WORK INSTRUCTION
From the opening line of the records through the line bearing "CL_p : Simulink.Parameter", set down every line exactly.

**** EXERCISE MATERIALS ****

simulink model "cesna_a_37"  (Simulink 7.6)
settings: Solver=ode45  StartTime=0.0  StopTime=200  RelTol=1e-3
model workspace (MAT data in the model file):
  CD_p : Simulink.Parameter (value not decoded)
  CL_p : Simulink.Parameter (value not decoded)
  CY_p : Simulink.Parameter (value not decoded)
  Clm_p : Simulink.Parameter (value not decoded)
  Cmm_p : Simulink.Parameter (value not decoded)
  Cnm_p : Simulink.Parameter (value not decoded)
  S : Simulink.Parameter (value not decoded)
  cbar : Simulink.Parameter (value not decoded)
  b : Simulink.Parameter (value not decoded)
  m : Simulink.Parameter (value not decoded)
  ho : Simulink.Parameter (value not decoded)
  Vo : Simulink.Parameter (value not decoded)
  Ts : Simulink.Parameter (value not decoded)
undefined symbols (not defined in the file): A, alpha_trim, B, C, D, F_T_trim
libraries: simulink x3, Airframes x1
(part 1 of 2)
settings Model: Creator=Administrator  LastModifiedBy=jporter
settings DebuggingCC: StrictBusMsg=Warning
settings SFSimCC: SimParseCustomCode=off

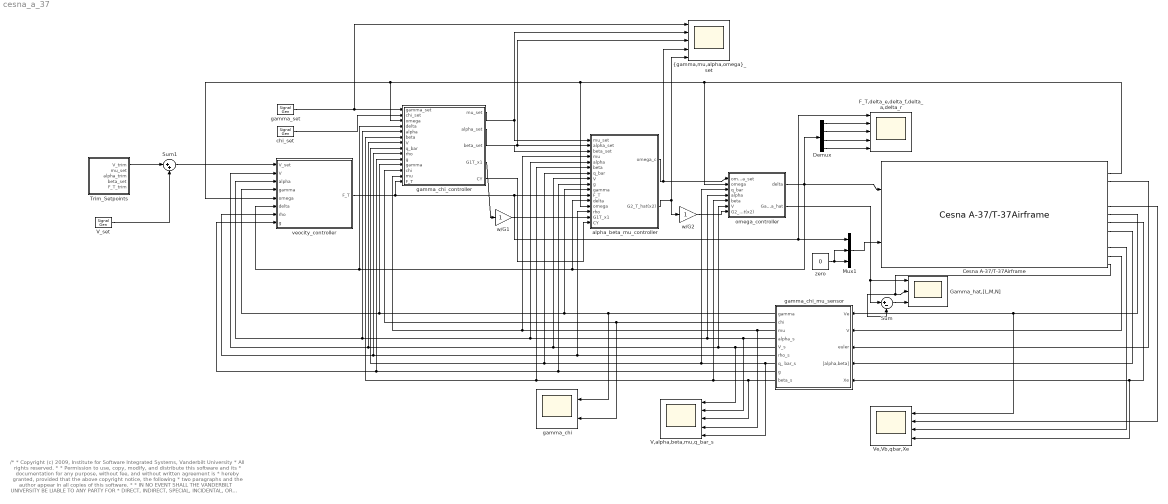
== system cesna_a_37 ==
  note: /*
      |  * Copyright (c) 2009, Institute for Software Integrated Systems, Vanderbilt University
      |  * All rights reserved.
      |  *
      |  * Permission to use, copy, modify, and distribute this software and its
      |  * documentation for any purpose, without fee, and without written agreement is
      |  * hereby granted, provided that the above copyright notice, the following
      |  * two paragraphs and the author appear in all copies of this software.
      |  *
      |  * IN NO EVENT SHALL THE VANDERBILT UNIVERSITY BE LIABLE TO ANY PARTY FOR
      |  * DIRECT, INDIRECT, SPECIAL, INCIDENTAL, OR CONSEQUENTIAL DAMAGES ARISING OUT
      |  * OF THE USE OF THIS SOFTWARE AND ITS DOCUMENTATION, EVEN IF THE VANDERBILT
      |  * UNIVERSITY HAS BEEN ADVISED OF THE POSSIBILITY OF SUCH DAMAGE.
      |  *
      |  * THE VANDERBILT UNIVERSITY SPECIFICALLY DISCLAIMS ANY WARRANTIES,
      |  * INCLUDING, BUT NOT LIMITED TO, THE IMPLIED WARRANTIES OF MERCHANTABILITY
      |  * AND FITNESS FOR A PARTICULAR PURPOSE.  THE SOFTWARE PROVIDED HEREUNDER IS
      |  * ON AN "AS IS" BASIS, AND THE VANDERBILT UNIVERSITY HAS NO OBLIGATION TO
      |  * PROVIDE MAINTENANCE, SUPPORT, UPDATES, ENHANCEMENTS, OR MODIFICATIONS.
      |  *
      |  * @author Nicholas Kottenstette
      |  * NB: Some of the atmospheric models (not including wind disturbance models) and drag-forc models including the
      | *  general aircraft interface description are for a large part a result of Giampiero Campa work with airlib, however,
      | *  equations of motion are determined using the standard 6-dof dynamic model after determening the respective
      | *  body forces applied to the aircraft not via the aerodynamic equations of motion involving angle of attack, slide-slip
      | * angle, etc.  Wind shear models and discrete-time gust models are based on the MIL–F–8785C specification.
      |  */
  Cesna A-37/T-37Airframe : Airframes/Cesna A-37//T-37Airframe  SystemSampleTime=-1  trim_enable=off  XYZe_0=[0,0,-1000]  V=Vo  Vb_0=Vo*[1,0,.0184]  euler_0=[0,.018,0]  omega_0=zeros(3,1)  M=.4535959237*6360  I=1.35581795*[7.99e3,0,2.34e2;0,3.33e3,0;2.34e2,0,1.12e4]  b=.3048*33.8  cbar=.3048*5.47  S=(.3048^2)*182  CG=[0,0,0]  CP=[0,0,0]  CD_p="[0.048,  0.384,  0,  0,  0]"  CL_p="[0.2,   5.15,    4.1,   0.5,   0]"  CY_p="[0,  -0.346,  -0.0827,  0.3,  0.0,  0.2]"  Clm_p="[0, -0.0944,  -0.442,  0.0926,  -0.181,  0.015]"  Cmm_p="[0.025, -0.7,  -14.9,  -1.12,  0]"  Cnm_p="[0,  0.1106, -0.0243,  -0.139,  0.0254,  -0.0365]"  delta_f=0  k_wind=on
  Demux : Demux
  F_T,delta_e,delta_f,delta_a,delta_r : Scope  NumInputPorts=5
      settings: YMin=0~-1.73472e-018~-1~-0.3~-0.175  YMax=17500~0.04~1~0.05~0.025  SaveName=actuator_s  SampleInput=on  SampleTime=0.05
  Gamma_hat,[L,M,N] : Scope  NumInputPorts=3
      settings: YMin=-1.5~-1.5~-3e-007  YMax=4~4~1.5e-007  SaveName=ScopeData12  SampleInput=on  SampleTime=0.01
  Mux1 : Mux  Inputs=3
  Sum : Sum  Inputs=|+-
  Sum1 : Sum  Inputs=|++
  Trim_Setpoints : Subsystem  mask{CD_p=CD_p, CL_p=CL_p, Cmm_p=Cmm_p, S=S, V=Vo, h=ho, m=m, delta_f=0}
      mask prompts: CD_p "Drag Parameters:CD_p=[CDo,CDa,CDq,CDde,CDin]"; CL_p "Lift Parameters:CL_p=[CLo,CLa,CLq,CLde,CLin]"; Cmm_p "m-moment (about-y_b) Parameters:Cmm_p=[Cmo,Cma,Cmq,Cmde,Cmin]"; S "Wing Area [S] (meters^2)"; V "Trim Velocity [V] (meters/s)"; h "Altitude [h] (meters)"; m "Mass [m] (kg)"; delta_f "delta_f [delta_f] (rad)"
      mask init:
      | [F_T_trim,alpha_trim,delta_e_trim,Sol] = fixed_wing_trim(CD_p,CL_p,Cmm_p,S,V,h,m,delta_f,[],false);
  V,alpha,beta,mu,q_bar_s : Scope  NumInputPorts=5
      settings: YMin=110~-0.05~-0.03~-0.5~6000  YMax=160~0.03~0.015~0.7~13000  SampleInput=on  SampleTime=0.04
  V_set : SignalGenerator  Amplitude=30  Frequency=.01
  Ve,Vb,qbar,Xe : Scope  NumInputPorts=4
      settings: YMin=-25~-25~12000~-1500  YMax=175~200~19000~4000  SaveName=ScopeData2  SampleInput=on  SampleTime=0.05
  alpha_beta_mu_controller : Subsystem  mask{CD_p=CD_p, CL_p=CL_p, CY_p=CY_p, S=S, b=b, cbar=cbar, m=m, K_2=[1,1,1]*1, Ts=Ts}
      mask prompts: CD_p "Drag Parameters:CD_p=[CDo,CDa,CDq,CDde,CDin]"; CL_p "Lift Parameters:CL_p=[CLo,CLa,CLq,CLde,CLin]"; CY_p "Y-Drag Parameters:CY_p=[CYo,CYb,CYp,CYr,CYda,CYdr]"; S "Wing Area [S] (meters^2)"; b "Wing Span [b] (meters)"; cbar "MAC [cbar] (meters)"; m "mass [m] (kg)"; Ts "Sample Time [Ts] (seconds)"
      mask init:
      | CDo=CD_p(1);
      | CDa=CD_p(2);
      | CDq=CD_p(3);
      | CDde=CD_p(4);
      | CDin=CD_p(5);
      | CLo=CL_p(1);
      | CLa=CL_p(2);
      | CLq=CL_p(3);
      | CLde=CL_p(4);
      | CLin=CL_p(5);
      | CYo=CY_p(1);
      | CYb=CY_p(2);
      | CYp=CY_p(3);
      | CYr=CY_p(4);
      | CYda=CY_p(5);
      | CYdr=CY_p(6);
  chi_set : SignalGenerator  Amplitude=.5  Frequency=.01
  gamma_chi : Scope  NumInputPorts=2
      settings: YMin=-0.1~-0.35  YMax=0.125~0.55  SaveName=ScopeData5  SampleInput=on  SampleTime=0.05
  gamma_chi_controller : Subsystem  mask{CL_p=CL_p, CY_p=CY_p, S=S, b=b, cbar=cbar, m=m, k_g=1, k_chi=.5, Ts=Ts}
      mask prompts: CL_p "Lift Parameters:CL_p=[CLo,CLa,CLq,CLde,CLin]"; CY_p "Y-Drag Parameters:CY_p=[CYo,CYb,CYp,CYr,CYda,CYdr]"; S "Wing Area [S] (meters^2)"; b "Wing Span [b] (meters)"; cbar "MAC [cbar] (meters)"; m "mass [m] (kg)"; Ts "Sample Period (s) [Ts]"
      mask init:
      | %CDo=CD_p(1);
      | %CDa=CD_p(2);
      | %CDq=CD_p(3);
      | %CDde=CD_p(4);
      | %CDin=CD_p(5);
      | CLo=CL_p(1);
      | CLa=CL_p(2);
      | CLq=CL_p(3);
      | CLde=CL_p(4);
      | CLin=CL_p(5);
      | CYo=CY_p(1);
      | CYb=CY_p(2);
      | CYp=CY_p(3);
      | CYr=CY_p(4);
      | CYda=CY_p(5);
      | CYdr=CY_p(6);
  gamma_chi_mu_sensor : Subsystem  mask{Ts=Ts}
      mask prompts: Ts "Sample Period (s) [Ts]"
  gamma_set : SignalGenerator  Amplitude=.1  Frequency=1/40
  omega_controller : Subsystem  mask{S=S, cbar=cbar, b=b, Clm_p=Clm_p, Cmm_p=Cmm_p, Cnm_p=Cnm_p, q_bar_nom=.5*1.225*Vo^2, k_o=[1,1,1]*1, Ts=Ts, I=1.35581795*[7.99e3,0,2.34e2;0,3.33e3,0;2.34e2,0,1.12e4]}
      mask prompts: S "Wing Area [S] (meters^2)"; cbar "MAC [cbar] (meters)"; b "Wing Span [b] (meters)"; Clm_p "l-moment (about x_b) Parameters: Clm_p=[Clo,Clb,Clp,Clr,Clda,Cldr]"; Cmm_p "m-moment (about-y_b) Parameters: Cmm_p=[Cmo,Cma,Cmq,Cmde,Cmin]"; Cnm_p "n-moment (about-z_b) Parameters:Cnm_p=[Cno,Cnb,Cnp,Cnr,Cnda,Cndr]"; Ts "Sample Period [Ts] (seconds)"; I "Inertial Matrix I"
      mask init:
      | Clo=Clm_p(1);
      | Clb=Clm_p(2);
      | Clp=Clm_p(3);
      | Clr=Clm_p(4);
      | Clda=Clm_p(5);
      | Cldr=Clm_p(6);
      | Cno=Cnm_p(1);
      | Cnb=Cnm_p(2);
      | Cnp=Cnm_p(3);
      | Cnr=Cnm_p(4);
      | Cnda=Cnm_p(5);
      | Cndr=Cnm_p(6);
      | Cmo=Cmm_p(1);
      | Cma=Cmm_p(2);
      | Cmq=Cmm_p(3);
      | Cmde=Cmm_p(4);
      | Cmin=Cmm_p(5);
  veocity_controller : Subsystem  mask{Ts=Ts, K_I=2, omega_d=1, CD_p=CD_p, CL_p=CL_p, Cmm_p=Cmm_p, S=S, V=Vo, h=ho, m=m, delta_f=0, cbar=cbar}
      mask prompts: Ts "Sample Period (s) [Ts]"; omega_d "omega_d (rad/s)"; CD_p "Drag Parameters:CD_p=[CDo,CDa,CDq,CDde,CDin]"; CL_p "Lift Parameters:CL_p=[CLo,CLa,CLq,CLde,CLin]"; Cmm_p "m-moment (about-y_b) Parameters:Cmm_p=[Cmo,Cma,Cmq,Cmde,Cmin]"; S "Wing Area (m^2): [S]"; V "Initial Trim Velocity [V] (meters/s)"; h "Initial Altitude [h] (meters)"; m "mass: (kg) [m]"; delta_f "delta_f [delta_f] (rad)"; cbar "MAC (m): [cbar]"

****

ANSWER TO THE PROBLEM
simulink model "cesna_a_37"  (Simulink 7.6)
settings: Solver=ode45  StartTime=0.0  StopTime=200  RelTol=1e-3
model workspace (MAT data in the model file):
  CD_p : Simulink.Parameter (value not decoded)
  CL_p : Simulink.Parameter (value not decoded)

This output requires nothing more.